Ao longo dos últimos 20 anos, Coupland perguntou-se por todos nós: "O que é que tudo isto significa?" Estamos todos tão ligados que corremos o risco de ficar "offline" para sempre, ou simplesmente desligados uns dos outros, diz-nos nesta entrevista por e-mail cheia de ingredientes Coupland: "Visitei o vosso site. Foi a primeira vez que visitei um site .pt".
A cultura pop é essencial na sua escrita. Sente-se um curador, um comissário de tudo quanto é pop(ular) neste mundo de alta e baixa arte, de superabundância e preguiça?
Não sei se [podemos falar de] curadoria. Estou sempre à procura de coisas que são tão grandes que não reparamos nelas.
Pensa que a cultura popular está a tornar-se cada vez menos global e abrangente. Devíamos acarinhá-la como uma espécie de denominador comum que (ainda) une a nossa civilização?
Acho que devemos acarinhar quaisquer resquícios de globalidade que ainda tenhamos. Está tudo a começar a desintegrar-se.
Em "jPod", Coupland era também um saqueador, um vampiro das novidades, alguém que caçava furtivamente o que os outros protegiam (neste caso, a estória de Ethan, mas também o portátil com informações sobre o novo projecto da sua empresa de videojogos).
"jPod" era uma espécie de "Inforescravos" (1995) para a geração Y (os bebés do novo milénio, a geração que pergunta "why", ou melhor, "why not?"), que já nasceu num mundo "wireless". Há um mês, quase 20 anos de "gadgets" e mudança depois de "Geração X - Contos para uma Cultura Acelerada", chegou às livrarias portuguesas "Geração A", o mundo Coupland sem abelhas. É uma imagem, um símbolo, para um mundo que o autor considera estar a desagregar-se.

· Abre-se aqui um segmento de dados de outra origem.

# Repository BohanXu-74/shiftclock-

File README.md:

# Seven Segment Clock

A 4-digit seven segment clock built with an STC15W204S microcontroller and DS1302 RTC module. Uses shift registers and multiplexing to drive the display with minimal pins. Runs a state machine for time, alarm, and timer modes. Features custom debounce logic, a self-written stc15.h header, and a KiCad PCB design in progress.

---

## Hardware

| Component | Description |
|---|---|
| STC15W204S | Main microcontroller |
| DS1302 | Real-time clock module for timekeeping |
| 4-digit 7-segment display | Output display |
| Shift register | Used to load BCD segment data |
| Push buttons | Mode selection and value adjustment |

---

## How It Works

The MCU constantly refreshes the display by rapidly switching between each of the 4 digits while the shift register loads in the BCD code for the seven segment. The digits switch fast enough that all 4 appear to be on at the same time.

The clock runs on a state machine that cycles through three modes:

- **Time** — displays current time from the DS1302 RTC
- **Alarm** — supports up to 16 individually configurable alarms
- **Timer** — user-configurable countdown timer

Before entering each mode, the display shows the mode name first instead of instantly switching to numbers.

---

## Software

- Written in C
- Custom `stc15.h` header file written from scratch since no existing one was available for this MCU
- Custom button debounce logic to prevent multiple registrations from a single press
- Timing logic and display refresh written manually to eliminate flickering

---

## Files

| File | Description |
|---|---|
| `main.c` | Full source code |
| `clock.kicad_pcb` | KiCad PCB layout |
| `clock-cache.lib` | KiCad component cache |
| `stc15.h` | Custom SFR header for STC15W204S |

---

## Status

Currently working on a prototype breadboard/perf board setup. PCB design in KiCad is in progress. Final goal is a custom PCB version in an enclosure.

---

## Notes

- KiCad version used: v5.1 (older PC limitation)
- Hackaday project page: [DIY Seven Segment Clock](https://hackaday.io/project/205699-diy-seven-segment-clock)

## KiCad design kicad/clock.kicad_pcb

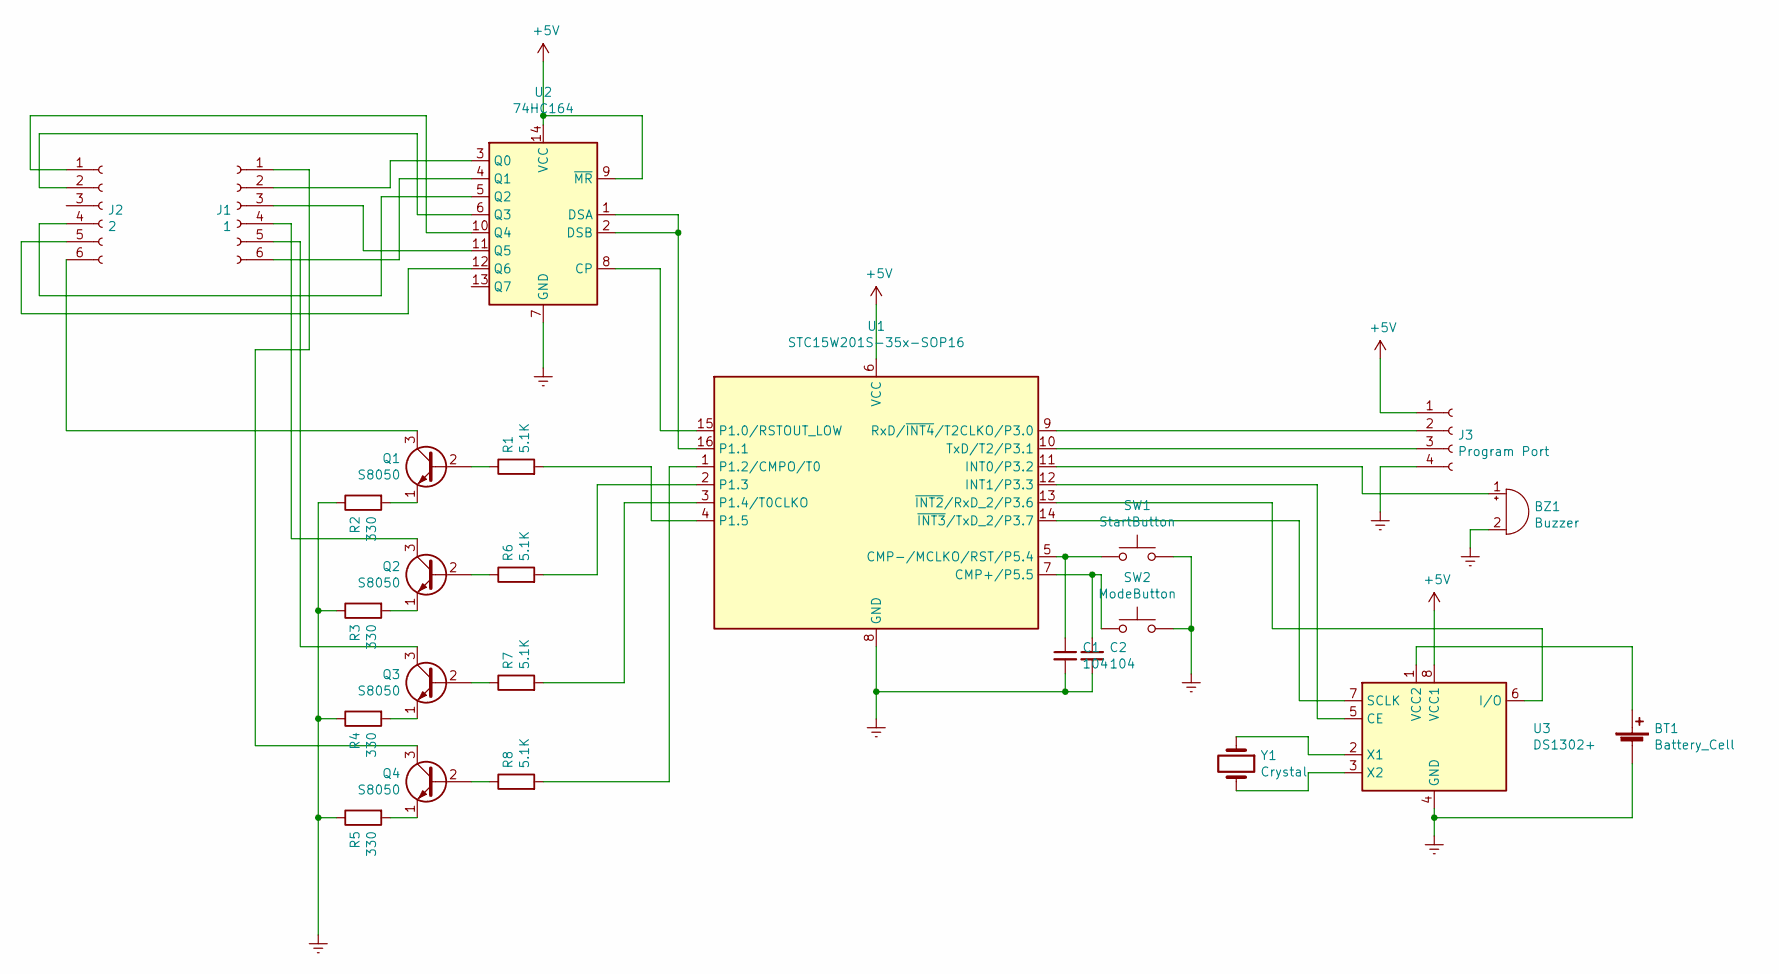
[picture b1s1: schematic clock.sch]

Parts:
BT1: Battery_Cell; BatteryHolder_ComfortableElectronic_CH273-2450_1x2450
BZ1: Buzzer; MagneticBuzzer_ProSignal_ABT-410-RC
C1, C2: 104; C_Disc_D4.7mm_W2.5mm_P5.00mm
J1: 1; PinSocket_1x06_P2.54mm_Vertical
J2: 2; PinSocket_1x06_P2.54mm_Vertical
J3: Program Port; PinSocket_1x04_P2.54mm_Vertical
Q1, Q2, Q3, Q4: S8050; TO-92_Inline
R1, R6, R7, R8: 5.1K; R_0805_2012Metric_Pad1.15x1.40mm_HandSolder
R2, R3, R4, R5: 330; R_0805_2012Metric_Pad1.15x1.40mm_HandSolder
SW1: StartButton; SW_PUSH_6mm_H7.3mm
SW2: ModeButton; SW_PUSH_6mm_H7.3mm
U1: STC15W201S-35x-SOP16; DIP-16_W7.62mm
U2: 74HC164; DIP-14_W7.62mm_Socket
U3: DS1302+; DIP-8_W7.62mm
Y1: Crystal; Crystal_HC51-U_Vertical

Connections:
+5V: J3.1, U1.6 (VCC), U2.9 (~MR), U2.14 (VCC), U3.8 (VCC1)
Earth: BT1.2 (-), BZ1.2 (+), C1.2, C2.2, J3.4, R2.1, R3.1, R4.1, R5.1, SW1.2, SW2.2, U1.8 (GND), U2.7 (GND), U3.4 (GND)
unnamed: BT1.1 (+), U3.1 (VCC2)
unnamed: BZ1.1 (-), U1.11 (INT0/P3.2)
unnamed: C1.1, SW1.1, U1.5 (CMP-/MCLKO/RST/P5.4)
unnamed: C2.1, SW2.1, U1.7 (CMP+/P5.5)
unnamed: J1.1, Q4.3 (C)
unnamed: J1.2, U2.3 (Q0)
unnamed: J1.3, U2.11 (Q5)
unnamed: J1.4, Q2.3 (C)
unnamed: J1.5, Q3.3 (C)
unnamed: J1.6, U2.4 (Q1)
unnamed: J2.1, U2.10 (Q4)
unnamed: J2.2, U2.6 (Q3)
unnamed: J2.4, U2.5 (Q2)
unnamed: J2.5, U2.12 (Q6)
unnamed: J2.6, Q1.3 (C)
unnamed: J3.2, U1.9 (RxD/~INT4~/T2CLKO/P3.0)
unnamed: J3.3, U1.10 (TxD/T2/P3.1)
unnamed: Q1.1 (E), R2.2
unnamed: Q1.2 (B), R1.1
unnamed: Q2.1 (E), R3.2
unnamed: Q2.2 (B), R6.1
unnamed: Q3.1 (E), R4.2
unnamed: Q3.2 (B), R7.1
unnamed: Q4.1 (E), R5.2
unnamed: Q4.2 (B), R8.1
unnamed: R1.2, U1.4 (P1.5)
unnamed: R6.2, U1.2 (P1.3)
unnamed: R7.2, U1.3 (P1.4/T0CLKO)
unnamed: R8.2, U1.1 (P1.2/CMPO/T0)
unnamed: U1.12 (INT1/P3.3), U3.5 (CE)
unnamed: U1.13 (~INT2~/RxD_2/P3.6), U3.6 (I/O)
unnamed: U1.14 (~INT3~/TxD_2/P3.7), U3.7 (SCLK)
unnamed: U1.15 (P1.0/RSTOUT_LOW), U2.8 (CP)
unnamed: U1.16 (P1.1), U2.1 (DSA), U2.2 (DSB)
unnamed: U3.2 (X1), Y1.1
unnamed: U3.3 (X2), Y1.2

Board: 2 copper layers, 25 parts (0 on the bottom side), 38 nets, no tracks yet.

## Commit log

2026-05-14 Update shift register reference to 74HC164
2026-05-14 Rename 1000004734.jpg to image.jpg
2026-05-14 Rename main.c to src/main.c

O que pensou quando foi vendo notícias sobre o risco de extinção das abelhas? O que é que a sua potencial extinção simboliza para si?
Como seres humanos, se soubéssemos que tínhamos de escolher entre as abelhas e os telemóveis, escolheríamos telemóveis. A morte das abelhas certificaria a estupidez humana.
À nossa frente está a pilha de livros de ficção - e o não-ficção "Polaroids de Figuras Extintas" (1996) - de Coupland. De forma intermitente mas regular até "jPod", a riqueza também gráfica dos romances do canadiano nascido numa base militar na Alemanha (é um "army brat") e residente em Vancouver é um traço hoje longe de ser único. Imagem, código binário, sequências de números para encontrar o único que não é primo, elementos de videojogos seminais, notas de rodapé, cartoon. Para os leitores de 1991, ele era tudo isto. Esses leitores (e voltamos ao "New York Times" de 1994) "tendem a ser universitários e pessoas na casa dos 20 e no início dos 30, alimentados por computadores pessoais, MTV e o grunge, esgotados e desconfiados da publicidade e dos mass media, cépticos quanto ao futuro".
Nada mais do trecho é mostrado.